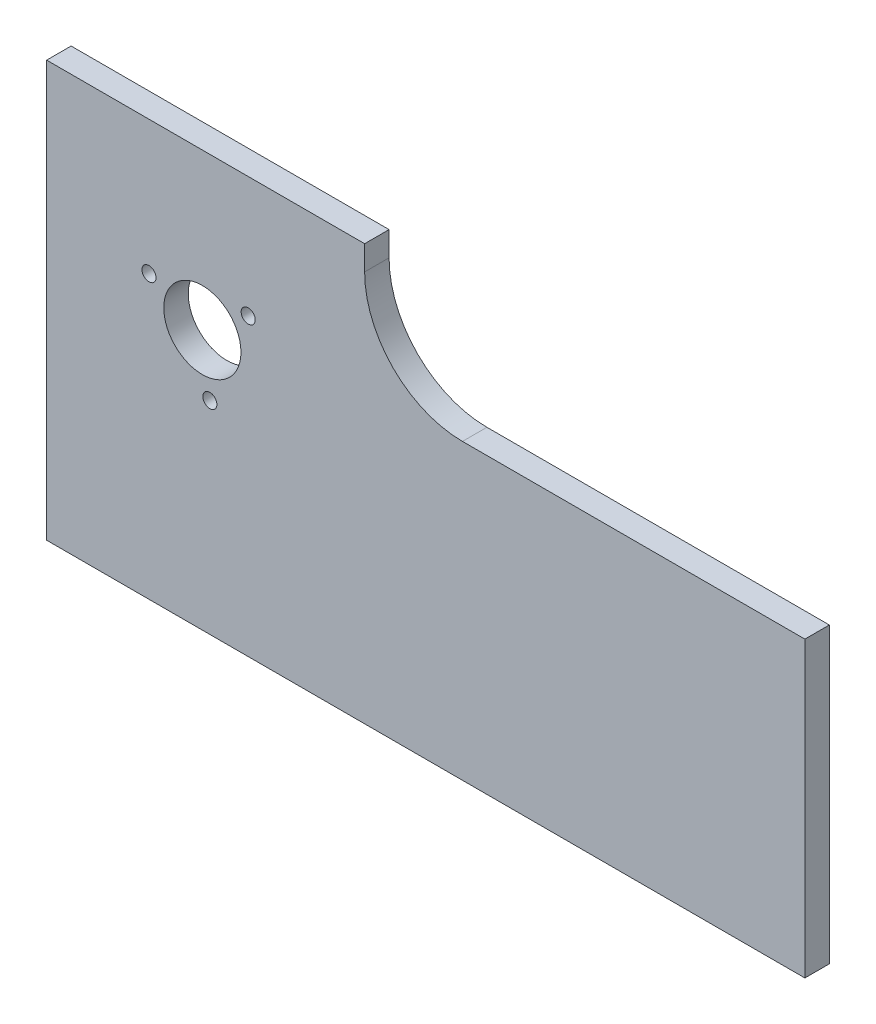
SolidWorks part; units mm, degrees
ref_plane "Front Plane" through (0, 0, 0) normal (0, 0, 1) x (1, 0, 0)
ref_plane "Top Plane" through (0, 0, 0) normal (0, 1, 0) x (1, 0, 0)
ref_plane "Right Plane" through (0, 0, 0) normal (1, 0, 0) x (0, 0, -1)
sketch "Sketch2" plane through (0, 0, 0) normal (0, 0, 1) x (1, 0, 0)
  line L0 (-82.55, -6.35) -> (-82.55, 101.6)
  line L1 (-82.55, 101.6) -> (0, 101.6)
  line L2 (25.4, 69.85) -> (114.3, 69.85)
  line L3 (114.3, 69.85) -> (114.3, -6.35)
  line L4 (114.3, -6.35) -> (-82.55, -6.35)
  line L5 (0, 95.25) -> (0, 101.6)
  arc A0 (0, 95.25) -> (25.4, 69.85) centre (25.4, 95.25) ccw construction
  arc A1 (0, 95.25) -> (25.4, 69.85) centre (25.4, 95.25) ccw
extrude "Boss-Extrude1" add sketch "Sketch2" along normal blind 6.35
sketch "Sketch4" plane through (0, 0, 6.35) normal (0, 0, 1) x (1, 0, 0)
  circle A0 centre (-42.1287, 61.1227) radius 10.0203 construction
  circle A1 centre (-30.2247, 70.2494) radius 1.8288 construction
  circle A2 centre (-55.9846, 66.8684) radius 1.8288 construction
  circle A3 centre (-40.1767, 46.2502) radius 1.8288 construction
  circle A4 centre (-42.1287, 61.1227) radius 10.0203
  circle A5 centre (-30.2247, 70.2494) radius 1.8288
  circle A6 centre (-55.9846, 66.8684) radius 1.8288
  circle A7 centre (-40.1767, 46.2502) radius 1.8288
extrude "Cut-Extrude3" cut sketch "Sketch4" against normal through all

* [Problem details]: Write out the listing above exactly, images omitted.

* [Your response]:
SolidWorks part; units mm, degrees
ref_plane "Front Plane" through (0, 0, 0) normal (0, 0, 1) x (1, 0, 0)
ref_plane "Top Plane" through (0, 0, 0) normal (0, 1, 0) x (1, 0, 0)
ref_plane "Right Plane" through (0, 0, 0) normal (1, 0, 0) x (0, 0, -1)
sketch "Sketch2" plane through (0, 0, 0) normal (0, 0, 1) x (1, 0, 0)
  line L0 (-82.55, -6.35) -> (-82.55, 101.6)
  line L1 (-82.55, 101.6) -> (0, 101.6)
  line L2 (25.4, 69.85) -> (114.3, 69.85)
  line L3 (114.3, 69.85) -> (114.3, -6.35)
  line L4 (114.3, -6.35) -> (-82.55, -6.35)
  line L5 (0, 95.25) -> (0, 101.6)
  arc A0 (0, 95.25) -> (25.4, 69.85) centre (25.4, 95.25) ccw construction
  arc A1 (0, 95.25) -> (25.4, 69.85) centre (25.4, 95.25) ccw
extrude "Boss-Extrude1" add sketch "Sketch2" along normal blind 6.35
sketch "Sketch4" plane through (0, 0, 6.35) normal (0, 0, 1) x (1, 0, 0)
  circle A0 centre (-42.1287, 61.1227) radius 10.0203 construction
  circle A1 centre (-30.2247, 70.2494) radius 1.8288 construction
  circle A2 centre (-55.9846, 66.8684) radius 1.8288 construction
  circle A3 centre (-40.1767, 46.2502) radius 1.8288 construction
  circle A4 centre (-42.1287, 61.1227) radius 10.0203
  circle A5 centre (-30.2247, 70.2494) radius 1.8288
  circle A6 centre (-55.9846, 66.8684) radius 1.8288
  circle A7 centre (-40.1767, 46.2502) radius 1.8288
extrude "Cut-Extrude3" cut sketch "Sketch4" against normal through all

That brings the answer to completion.